You're right that there hasn't been a whole lot of discussion on it in the Blank Making forum so far, but feel free to post whatever questions you might have.


----------



## Toni

Check out my link in my signature


----------



## chartle

It seems like Toni is the only other one doing polymer.

I just started this weekend and don't have anything to post just yet but my test looks very promising. I would have had a pen last night but I had a blowout and didn't have anything else baked to redo it. 

I'm not into the canes but trying to do faux stone using the chop it up and coat it with paint technique. Oh and Toni had this idea before I saw your amazing blank. In fact I picked up a cheap brick of PC before I even knew people used it for blanks. :good:

Toni for that "marble" blank was that done on the tube or is it drilled and glued?


----------



## Toni

Cliff it was done on a tube!! Good luck!!


----------



## chartle

Toni said:


> Cliff it was done on a tube!! Good luck!!



:worship: I guess I've seen your tubes on the Facebook Pen tuners groups for longer than I've been a member here and first thought you painted and cast them. I then found out about canes and was totally amazed. 

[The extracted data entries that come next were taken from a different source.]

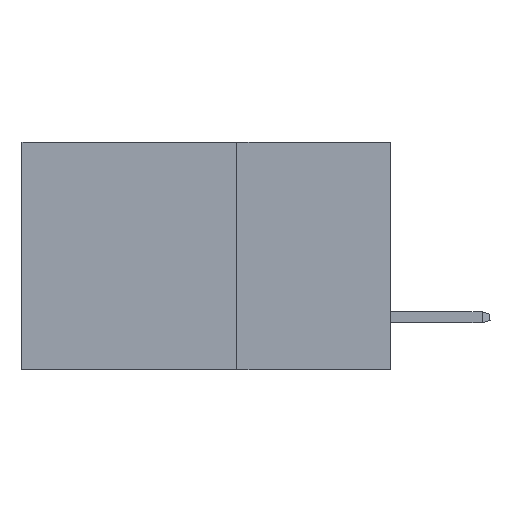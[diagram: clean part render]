
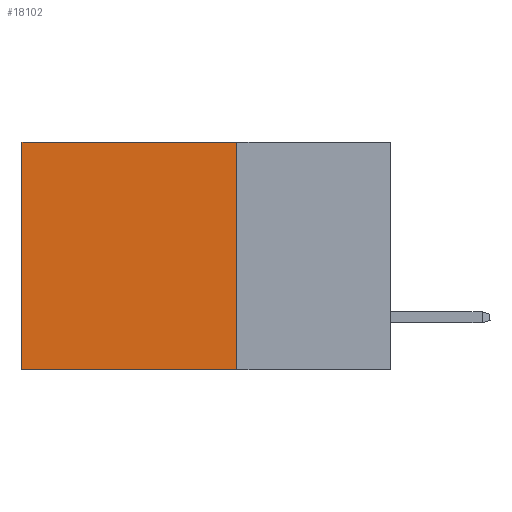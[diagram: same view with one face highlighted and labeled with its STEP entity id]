
A CAD part, left-side view. The second image highlights one B-rep face of the part: STEP entity #18102.
In plain terms, the highlighted planar face has unit normal (-1, 0, 0).
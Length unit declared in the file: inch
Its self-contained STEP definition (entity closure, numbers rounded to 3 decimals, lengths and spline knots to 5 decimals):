
#1110 = CARTESIAN_POINT ( 'NONE',  ( 0.2875, 0.25, -0.37 ) ) ;
#1696 = VERTEX_POINT ( 'NONE', #14051 ) ;
#2709 = DIRECTION ( 'NONE',  ( 0., 1., 0. ) ) ;
#3421 = ORIENTED_EDGE ( 'NONE', *, *, #18241, .F. ) ;
#3467 = ORIENTED_EDGE ( 'NONE', *, *, #22110, .T. ) ;
#3549 = ORIENTED_EDGE ( 'NONE', *, *, #11984, .T. ) ;
#4099 = AXIS2_PLACEMENT_3D ( 'NONE', #12360, #4829, #15449 ) ;
#4209 = ORIENTED_EDGE ( 'NONE', *, *, #17958, .F. ) ;
#4829 = DIRECTION ( 'NONE',  ( 1., 0., 0. ) ) ;
#5211 = DIRECTION ( 'NONE',  ( 0., 0., -1. ) ) ;
#5249 = CARTESIAN_POINT ( 'NONE',  ( 0.2875, 0.6, 0. ) ) ;
#5775 = LINE ( 'NONE', #1110, #14466 ) ;
#6119 = LINE ( 'NONE', #5249, #18846 ) ;
#6992 = DIRECTION ( 'NONE',  ( 0., 0., -1. ) ) ;
#7610 = CARTESIAN_POINT ( 'NONE',  ( 0.2875, 0.25, 0. ) ) ;
#9387 = DIRECTION ( 'NONE',  ( 0., 1., 0. ) ) ;
#9989 = CARTESIAN_POINT ( 'NONE',  ( 0.2875, 0.25, 0. ) ) ;
#11508 = VECTOR ( 'NONE', #5211, 39.37008 ) ;
#11984 = EDGE_CURVE ( 'NONE', #14205, #13355, #21556, .T. ) ;
#12073 = FACE_OUTER_BOUND ( 'NONE', #19368, .T. ) ;
#12360 = CARTESIAN_POINT ( 'NONE',  ( 0.2875, 0.25, 0. ) ) ;
#13110 = LINE ( 'NONE', #18933, #11508 ) ;
#13355 = VERTEX_POINT ( 'NONE', #21838 ) ;
#14051 = CARTESIAN_POINT ( 'NONE',  ( 0.2875, 0.25, -0.37 ) ) ;
#14205 = VERTEX_POINT ( 'NONE', #9989 ) ;
#14466 = VECTOR ( 'NONE', #2709, 39.37008 ) ;
#15279 = PLANE ( 'NONE',  #4099 ) ;
#15449 = DIRECTION ( 'NONE',  ( 0., 0., -1. ) ) ;
#16481 = VECTOR ( 'NONE', #9387, 39.37008 ) ;
#16912 = VERTEX_POINT ( 'NONE', #20785 ) ;
#17958 = EDGE_CURVE ( 'NONE', #1696, #16912, #5775, .T. ) ;
#18102 = ADVANCED_FACE ( 'NONE', ( #12073 ), #15279, .F. ) ;
#18241 = EDGE_CURVE ( 'NONE', #14205, #1696, #13110, .T. ) ;
#18846 = VECTOR ( 'NONE', #6992, 39.37008 ) ;
#18933 = CARTESIAN_POINT ( 'NONE',  ( 0.2875, 0.25, 0. ) ) ;
#19368 = EDGE_LOOP ( 'NONE', ( #3467, #4209, #3421, #3549 ) ) ;
#20785 = CARTESIAN_POINT ( 'NONE',  ( 0.2875, 0.6, -0.37 ) ) ;
#21556 = LINE ( 'NONE', #7610, #16481 ) ;
#21838 = CARTESIAN_POINT ( 'NONE',  ( 0.2875, 0.6, 0. ) ) ;
#22110 = EDGE_CURVE ( 'NONE', #13355, #16912, #6119, .T. ) ;
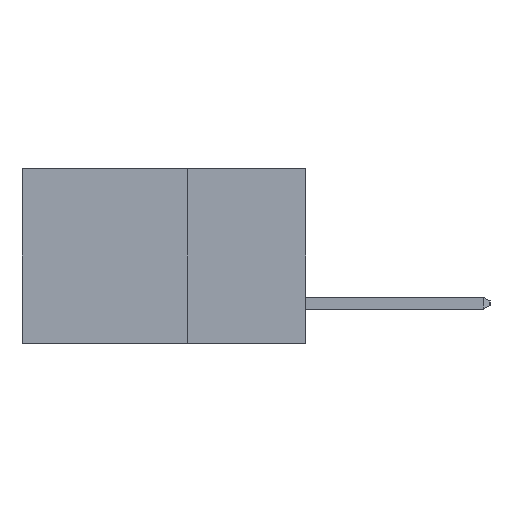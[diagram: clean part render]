
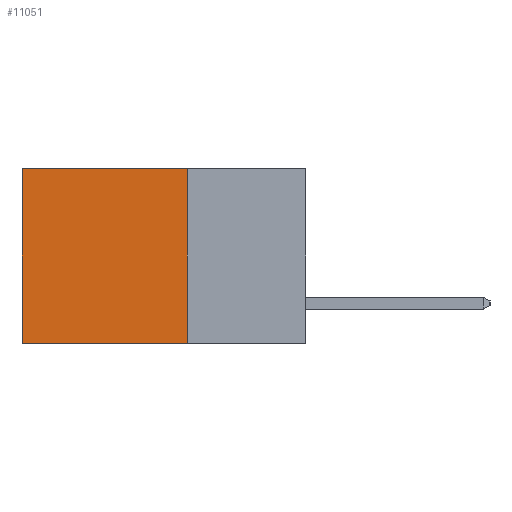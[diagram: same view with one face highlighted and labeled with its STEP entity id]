
A CAD part, left-side view. The second image highlights one B-rep face of the part: STEP entity #11051.
In plain terms, the highlighted planar face has unit normal (-1, 0, 0).
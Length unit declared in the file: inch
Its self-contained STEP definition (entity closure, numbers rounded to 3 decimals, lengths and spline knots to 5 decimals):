
#918 = ORIENTED_EDGE ( 'NONE', *, *, #32131, .F. ) ;
#1863 = DIRECTION ( 'NONE',  ( 0., 1., 0. ) ) ;
#2484 = VECTOR ( 'NONE', #5562, 39.37008 ) ;
#3846 = VECTOR ( 'NONE', #1863, 39.37008 ) ;
#5130 = CARTESIAN_POINT ( 'NONE',  ( 0.298, 0.25, -0.37 ) ) ;
#5562 = DIRECTION ( 'NONE',  ( 0., 1., 0. ) ) ;
#5663 = CARTESIAN_POINT ( 'NONE',  ( 0.298, 0.25, -0.37 ) ) ;
#6968 = LINE ( 'NONE', #26674, #19834 ) ;
#7575 = CARTESIAN_POINT ( 'NONE',  ( 0.298, 0.6, 0. ) ) ;
#9105 = EDGE_CURVE ( 'NONE', #28949, #14353, #24908, .T. ) ;
#9231 = PLANE ( 'NONE',  #23431 ) ;
#10593 = LINE ( 'NONE', #19672, #3846 ) ;
#11051 = ADVANCED_FACE ( 'NONE', ( #27799 ), #9231, .F. ) ;
#11773 = DIRECTION ( 'NONE',  ( 1., 0., 0. ) ) ;
#11980 = VECTOR ( 'NONE', #22980, 39.37008 ) ;
#12210 = ORIENTED_EDGE ( 'NONE', *, *, #15376, .T. ) ;
#13710 = VERTEX_POINT ( 'NONE', #5130 ) ;
#13900 = DIRECTION ( 'NONE',  ( 0., 0., -1. ) ) ;
#14353 = VERTEX_POINT ( 'NONE', #17919 ) ;
#15376 = EDGE_CURVE ( 'NONE', #17626, #28949, #10593, .T. ) ;
#17626 = VERTEX_POINT ( 'NONE', #23226 ) ;
#17919 = CARTESIAN_POINT ( 'NONE',  ( 0.298, 0.6, -0.37 ) ) ;
#19672 = CARTESIAN_POINT ( 'NONE',  ( 0.298, 0.25, 0. ) ) ;
#19834 = VECTOR ( 'NONE', #13900, 39.37008 ) ;
#22179 = CARTESIAN_POINT ( 'NONE',  ( 0.298, 0.6, 0. ) ) ;
#22980 = DIRECTION ( 'NONE',  ( 0., 0., -1. ) ) ;
#23226 = CARTESIAN_POINT ( 'NONE',  ( 0.298, 0.25, 0. ) ) ;
#23431 = AXIS2_PLACEMENT_3D ( 'NONE', #27145, #11773, #29732 ) ;
#24908 = LINE ( 'NONE', #7575, #11980 ) ;
#25105 = ORIENTED_EDGE ( 'NONE', *, *, #9105, .T. ) ;
#26195 = ORIENTED_EDGE ( 'NONE', *, *, #27687, .F. ) ;
#26674 = CARTESIAN_POINT ( 'NONE',  ( 0.298, 0.25, 0. ) ) ;
#27145 = CARTESIAN_POINT ( 'NONE',  ( 0.298, 0.25, 0. ) ) ;
#27687 = EDGE_CURVE ( 'NONE', #13710, #14353, #28073, .T. ) ;
#27799 = FACE_OUTER_BOUND ( 'NONE', #28918, .T. ) ;
#28073 = LINE ( 'NONE', #5663, #2484 ) ;
#28918 = EDGE_LOOP ( 'NONE', ( #25105, #26195, #918, #12210 ) ) ;
#28949 = VERTEX_POINT ( 'NONE', #22179 ) ;
#29732 = DIRECTION ( 'NONE',  ( 0., 0., -1. ) ) ;
#32131 = EDGE_CURVE ( 'NONE', #17626, #13710, #6968, .T. ) ;
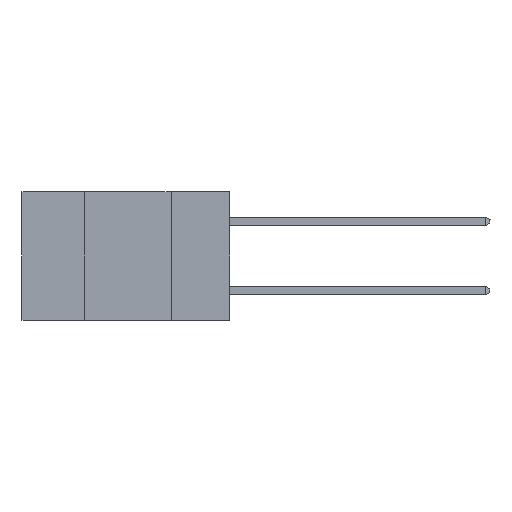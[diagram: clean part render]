
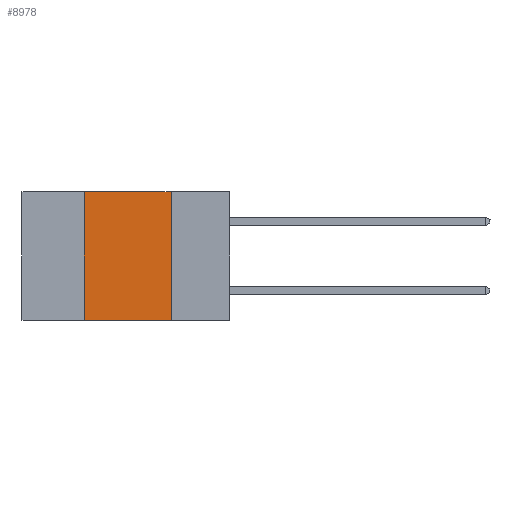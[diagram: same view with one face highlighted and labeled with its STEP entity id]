
A CAD part, left-side view. The second image highlights one B-rep face of the part: STEP entity #8978.
In plain terms, the highlighted planar face has unit normal (-1, 0, 0).
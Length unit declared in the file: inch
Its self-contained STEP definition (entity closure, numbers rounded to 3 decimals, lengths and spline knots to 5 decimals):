
#229 = VERTEX_POINT ( 'NONE', #5660 ) ;
#272 = EDGE_LOOP ( 'NONE', ( #4944, #8089, #9128, #7269 ) ) ;
#619 = VERTEX_POINT ( 'NONE', #2114 ) ;
#1011 = VECTOR ( 'NONE', #2523, 39.37008 ) ;
#2056 = DIRECTION ( 'NONE',  ( 0., 0., -1. ) ) ;
#2114 = CARTESIAN_POINT ( 'NONE',  ( 0., 0.42, -0.37 ) ) ;
#2170 = DIRECTION ( 'NONE',  ( 0., 0., 1. ) ) ;
#2523 = DIRECTION ( 'NONE',  ( 0., -1., 0. ) ) ;
#2634 = VECTOR ( 'NONE', #6305, 39.37008 ) ;
#3036 = EDGE_CURVE ( 'NONE', #10349, #229, #3853, .T. ) ;
#3123 = CARTESIAN_POINT ( 'NONE',  ( 0., 0.6, 0. ) ) ;
#3298 = VERTEX_POINT ( 'NONE', #8081 ) ;
#3540 = EDGE_CURVE ( 'NONE', #229, #3298, #7796, .T. ) ;
#3763 = AXIS2_PLACEMENT_3D ( 'NONE', #3123, #9614, #8846 ) ;
#3853 = LINE ( 'NONE', #8804, #2634 ) ;
#4461 = VECTOR ( 'NONE', #2056, 39.37008 ) ;
#4932 = EDGE_CURVE ( 'NONE', #619, #10349, #9634, .T. ) ;
#4944 = ORIENTED_EDGE ( 'NONE', *, *, #3540, .F. ) ;
#5408 = EDGE_CURVE ( 'NONE', #619, #3298, #8132, .T. ) ;
#5592 = PLANE ( 'NONE',  #3763 ) ;
#5660 = CARTESIAN_POINT ( 'NONE',  ( 0., 0.17, 0. ) ) ;
#6305 = DIRECTION ( 'NONE',  ( 0., -1., 0. ) ) ;
#6893 = VECTOR ( 'NONE', #2170, 39.37008 ) ;
#7269 = ORIENTED_EDGE ( 'NONE', *, *, #5408, .T. ) ;
#7796 = LINE ( 'NONE', #9669, #4461 ) ;
#8081 = CARTESIAN_POINT ( 'NONE',  ( 0., 0.17, -0.37 ) ) ;
#8089 = ORIENTED_EDGE ( 'NONE', *, *, #3036, .F. ) ;
#8132 = LINE ( 'NONE', #9219, #1011 ) ;
#8804 = CARTESIAN_POINT ( 'NONE',  ( 0., 0.6, 0. ) ) ;
#8846 = DIRECTION ( 'NONE',  ( 0., 0., -1. ) ) ;
#8978 = ADVANCED_FACE ( 'NONE', ( #10434 ), #5592, .F. ) ;
#9128 = ORIENTED_EDGE ( 'NONE', *, *, #4932, .F. ) ;
#9219 = CARTESIAN_POINT ( 'NONE',  ( 0., 0.6, -0.37 ) ) ;
#9576 = CARTESIAN_POINT ( 'NONE',  ( 0., 0.42, 0. ) ) ;
#9614 = DIRECTION ( 'NONE',  ( 1., 0., 0. ) ) ;
#9634 = LINE ( 'NONE', #10455, #6893 ) ;
#9669 = CARTESIAN_POINT ( 'NONE',  ( 0., 0.17, -0.37 ) ) ;
#10349 = VERTEX_POINT ( 'NONE', #9576 ) ;
#10434 = FACE_OUTER_BOUND ( 'NONE', #272, .T. ) ;
#10455 = CARTESIAN_POINT ( 'NONE',  ( 0., 0.42, -0.37 ) ) ;

I drilled mine but reinforced it with glued on popsicle sticks. Easiest thing in the world to drill just don't let it get hot. Oddly I had to make the hole a tad bigger than the 7 mm bit i've been using.

One more question. Have read your tut in the library a few times about the various clays but which would you say is the best for turning?


----------



## Toni

I would have to say Premo, Fimo or Kato


----------



## chartle

Toni said:


> I would have to say Premo, Fimo or Kato



Thanks, I bought mostly Premo. But couldn't pass up the $6 one pound of Sculpty from Wal Mart for my tests.


----------



## edstreet

Painted??  Hardly.


----------



## chartle

Here is my first real attempt.


----------



## lorbay

Looks good Ed, now lets see it rolled out into a thin cane to the size that will fit on a pen tube.

Lin


----------



## edstreet

lorbay said:


> Looks good Ed, now lets see it rolled out into a thin cane to the size that will fit on a pen tube.
> 
> Lin



It's Toni's cane.
















I was trying to show some insight into the complexity and how much is missed when they think painted, stickers and similar corner cutting methods.


----------



## plantman

edohmann said:


> What kind of information are you looking for?
> 
> The basics of making polyclay pens is pretty simple. There's a ton of YouTube videos on the subject and there's an excellent tutorial in the IAP library: Polymer Clay Blanks
> 
> You're right that there hasn't been a whole lot of discussion on it in the Blank Making forum so far, but feel free to post whatever questions you might have.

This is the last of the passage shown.